My Caseload is Getting Sicker
I've noticed something about my caseload recently. The patients have become sicker and heavier. Right now I'm treating four patients. All of them require two people to mobilize. Sicker patients I understand. More people are surviving worse injuries. As our population ages, co-morbidities and premorbid immobility have become more common. Any one of those is a predictor for therapy to be involved. When combined the result is a patient who needs therapy but will be able to do very little at the start. For someone who enjoys working in the ICUs, sicker patients aren't really a problem.
Heavier patients, on the other hand, are a problem. The more a patient weighs, the harder it is to mobilize that patient. The truly obese ones require bariatric equipment to safely mobilize. That equipment isn't always available. My hospital rents the equipment when it's needed. It can be as many as two days before it arrives. When patients are immobile any extra weigh usually becomes dead weight. Dragging the extra weight during transfers increases the risk of skin damage. A small skin tear can easily lead to a decubitis if the patient isn't able to shift weight.
Heavy patients require extra man power which is always at a premium. Treatments must be scheduled when assist is available. Missed treatment time is difficult to make up. The risk of care giver injury is also increased. Mechanical devices can significantly decrease the risk but don't eliminate it. The unit I work on doesn't have such a device because the goal is for the patient to move himself. A max assist X 2 transfer is an injury waiting to happen if the patient slips or loses his balance. Getting hurt is something I worry about more and more. I'm getting old and probably weaker. It's not as easy as it was to move those bigger patients around. I'm very careful but I can't keep from thinking what if. Where is the line between patient benefit and therapist safety?
These aren't easy patients to work with. Gone are the days when a medically complex patient was a 90 pound little old lady. It's been awhile since I've seen one of those. This is a trend that needs to be monitored. More acute patients don't automatically translate into more staff. More staff might be required but won't be available because of cost cutting measures. I've worked in units where nursing wouldn't get anyone up so it fell to therapy. The evidence suggests early mobilization and OOB is related to better outcomes and shorted lengths of stay. The evidence doesn't indicate who should be responsible for doing it.

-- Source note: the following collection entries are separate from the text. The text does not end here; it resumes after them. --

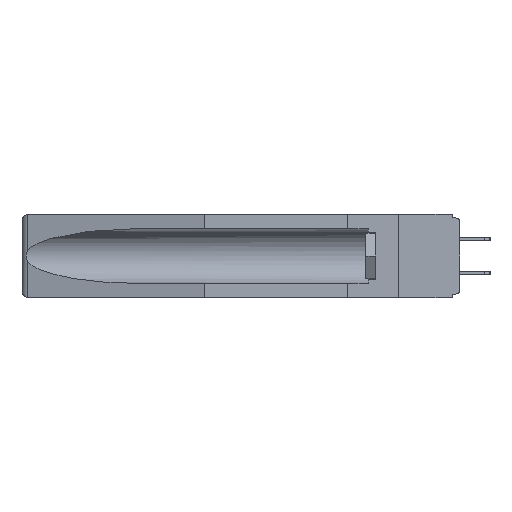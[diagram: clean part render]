
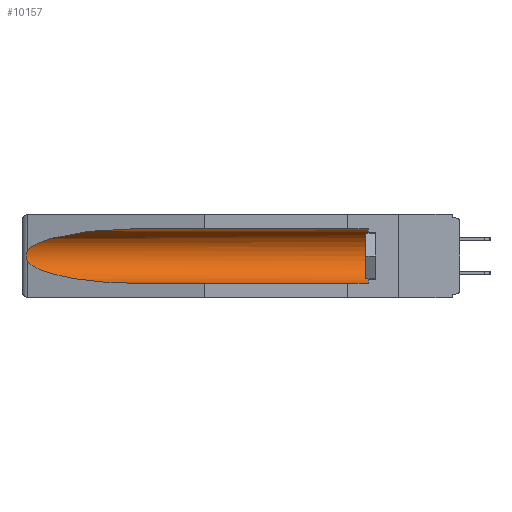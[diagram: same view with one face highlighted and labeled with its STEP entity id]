
A CAD part, left-side view. The second image highlights one B-rep face of the part: STEP entity #10157.
In plain terms, the highlighted cylindrical face has radius 2.857 mm (diameter 5.715 mm), a partial arc.
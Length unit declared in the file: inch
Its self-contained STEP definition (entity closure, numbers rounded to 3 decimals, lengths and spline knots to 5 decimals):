
#152 = CARTESIAN_POINT ( 'NONE',  ( 0.26537, 1.52718, -0.14972 ) ) ;
#645 = CARTESIAN_POINT ( 'NONE',  ( 0.2675, 1.53308, -0.17534 ) ) ;
#863 = CARTESIAN_POINT ( 'NONE',  ( 0.26597, 1.5296, -0.19026 ) ) ;
#900 = CARTESIAN_POINT ( 'NONE',  ( 0.26537, 1.52718, -0.14972 ) ) ;
#983 = CARTESIAN_POINT ( 'NONE',  ( 0.26655, 1.53094, -0.18657 ) ) ;
#2773 =( BOUNDED_CURVE ( )  B_SPLINE_CURVE ( 3, ( #25287, #27872, #23240, #23469 ),
 .UNSPECIFIED., .F., .F. ) 
 B_SPLINE_CURVE_WITH_KNOTS ( ( 4, 4 ),
 ( 0.1948, 1.5708 ),
 .UNSPECIFIED. ) 
 CURVE ( )  GEOMETRIC_REPRESENTATION_ITEM ( )  RATIONAL_B_SPLINE_CURVE ( ( 1., 0.848, 0.848, 1. ) ) 
 REPRESENTATION_ITEM ( '' )  );
#3384 = CARTESIAN_POINT ( 'NONE',  ( 0.26537, 1.52718, -0.19328 ) ) ;
#3957 = CARTESIAN_POINT ( 'NONE',  ( 0.155, 0.126, -0.059 ) ) ;
#6015 = CARTESIAN_POINT ( 'NONE',  ( 0.155, 0.126, -0.1715 ) ) ;
#6493 = EDGE_CURVE ( 'NONE', #11317, #17726, #13298, .T. ) ;
#7510 = VECTOR ( 'NONE', #23915, 39.37008 ) ;
#7538 = ORIENTED_EDGE ( 'NONE', *, *, #30703, .F. ) ;
#8216 = CARTESIAN_POINT ( 'NONE',  ( 0.21114, 1.30732, -0.059 ) ) ;
#8508 = DIRECTION ( 'NONE',  ( 0., -1., 0. ) ) ;
#8511 = CARTESIAN_POINT ( 'NONE',  ( 0.2673, 1.5327, -0.16383 ) ) ;
#9468 = ORIENTED_EDGE ( 'NONE', *, *, #25399, .T. ) ;
#10112 = VERTEX_POINT ( 'NONE', #26560 ) ;
#10157 = ADVANCED_FACE ( 'NONE', ( #16924 ), #16553, .F. ) ;
#10647 = ORIENTED_EDGE ( 'NONE', *, *, #11710, .T. ) ;
#11055 = CARTESIAN_POINT ( 'NONE',  ( 0.155, -0.30754, -0.059 ) ) ;
#11270 = CARTESIAN_POINT ( 'NONE',  ( 0.25451, 1.48313, -0.09465 ) ) ;
#11317 = VERTEX_POINT ( 'NONE', #13875 ) ;
#11710 = EDGE_CURVE ( 'NONE', #19456, #20620, #14199, .T. ) ;
#12299 = EDGE_CURVE ( 'NONE', #17726, #10112, #29294, .T. ) ;
#12410 = LINE ( 'NONE', #21321, #7510 ) ;
#13046 = ORIENTED_EDGE ( 'NONE', *, *, #12299, .T. ) ;
#13298 = CIRCLE ( 'NONE', #13680, 0.1125 ) ;
#13680 = AXIS2_PLACEMENT_3D ( 'NONE', #6015, #8508, #31817 ) ;
#13846 = CARTESIAN_POINT ( 'NONE',  ( 0.26537, 1.52718, -0.19328 ) ) ;
#13875 = CARTESIAN_POINT ( 'NONE',  ( 0.155, 0.126, -0.284 ) ) ;
#14199 = B_SPLINE_CURVE_WITH_KNOTS ( 'NONE', 3,
 ( #29261, #26453, #19025, #8511, #16121, #645, #29038, #983, #863, #13846 ),
 .UNSPECIFIED., .F., .F.,
 ( 4, 2, 2, 2, 4 ),
 ( 0., 0.00029, 0.00058, 0.00087, 0.00117 ),
 .UNSPECIFIED. ) ;
#14793 =( BOUNDED_CURVE ( )  B_SPLINE_CURVE ( 3, ( #16265, #8216, #11270, #900 ),
 .UNSPECIFIED., .F., .F. ) 
 B_SPLINE_CURVE_WITH_KNOTS ( ( 4, 4 ),
 ( 4.71239, 6.08839 ),
 .UNSPECIFIED. ) 
 CURVE ( )  GEOMETRIC_REPRESENTATION_ITEM ( )  RATIONAL_B_SPLINE_CURVE ( ( 1., 0.848, 0.848, 1. ) ) 
 REPRESENTATION_ITEM ( '' )  );
#16044 = EDGE_LOOP ( 'NONE', ( #22649, #10647, #9468, #7538, #27558, #13046 ) ) ;
#16121 = CARTESIAN_POINT ( 'NONE',  ( 0.2675, 1.53308, -0.16763 ) ) ;
#16265 = CARTESIAN_POINT ( 'NONE',  ( 0.155, 1.07973, -0.059 ) ) ;
#16553 = CYLINDRICAL_SURFACE ( 'NONE', #24565, 0.1125 ) ;
#16924 = FACE_OUTER_BOUND ( 'NONE', #16044, .T. ) ;
#17726 = VERTEX_POINT ( 'NONE', #3957 ) ;
#18947 = DIRECTION ( 'NONE',  ( 0., 0., 1. ) ) ;
#19025 = CARTESIAN_POINT ( 'NONE',  ( 0.26654, 1.53092, -0.15636 ) ) ;
#19456 = VERTEX_POINT ( 'NONE', #152 ) ;
#20620 = VERTEX_POINT ( 'NONE', #3384 ) ;
#21006 = DIRECTION ( 'NONE',  ( 0., 1., 0. ) ) ;
#21321 = CARTESIAN_POINT ( 'NONE',  ( 0.155, -0.30754, -0.284 ) ) ;
#22649 = ORIENTED_EDGE ( 'NONE', *, *, #25561, .T. ) ;
#23240 = CARTESIAN_POINT ( 'NONE',  ( 0.21114, 1.30732, -0.284 ) ) ;
#23469 = CARTESIAN_POINT ( 'NONE',  ( 0.155, 1.07973, -0.284 ) ) ;
#23915 = DIRECTION ( 'NONE',  ( 0., 1., 0. ) ) ;
#24070 = VERTEX_POINT ( 'NONE', #31230 ) ;
#24565 = AXIS2_PLACEMENT_3D ( 'NONE', #25866, #24737, #18947 ) ;
#24737 = DIRECTION ( 'NONE',  ( 0., 1., 0. ) ) ;
#24890 = VECTOR ( 'NONE', #21006, 39.37008 ) ;
#25287 = CARTESIAN_POINT ( 'NONE',  ( 0.26537, 1.52718, -0.19328 ) ) ;
#25399 = EDGE_CURVE ( 'NONE', #20620, #24070, #2773, .T. ) ;
#25561 = EDGE_CURVE ( 'NONE', #10112, #19456, #14793, .T. ) ;
#25866 = CARTESIAN_POINT ( 'NONE',  ( 0.155, -0.30754, -0.1715 ) ) ;
#26453 = CARTESIAN_POINT ( 'NONE',  ( 0.26597, 1.52961, -0.15275 ) ) ;
#26560 = CARTESIAN_POINT ( 'NONE',  ( 0.155, 1.07973, -0.059 ) ) ;
#27558 = ORIENTED_EDGE ( 'NONE', *, *, #6493, .T. ) ;
#27872 = CARTESIAN_POINT ( 'NONE',  ( 0.25451, 1.48313, -0.24835 ) ) ;
#29038 = CARTESIAN_POINT ( 'NONE',  ( 0.2673, 1.53269, -0.17917 ) ) ;
#29261 = CARTESIAN_POINT ( 'NONE',  ( 0.26537, 1.52718, -0.14972 ) ) ;
#29294 = LINE ( 'NONE', #11055, #24890 ) ;
#30703 = EDGE_CURVE ( 'NONE', #11317, #24070, #12410, .T. ) ;
#31230 = CARTESIAN_POINT ( 'NONE',  ( 0.155, 1.07973, -0.284 ) ) ;
#31817 = DIRECTION ( 'NONE',  ( 0., 0., 1. ) ) ;

If this trend continues the future isn't pretty. There is a finite amount of work you can get from any one group of people. It doesn't matter how much work is assigned. One therapist can only do so much. If every patient requires two people to mobilize that therapist will be doing more bed level treatments and getting fewer people up. If the patient has a trach the problems multiply. PTs are capable of treating these patients no matter what situation. The limiting factor isn't knowledge or skill. If these are the patients of the future I hope the present day planners are looking ahead.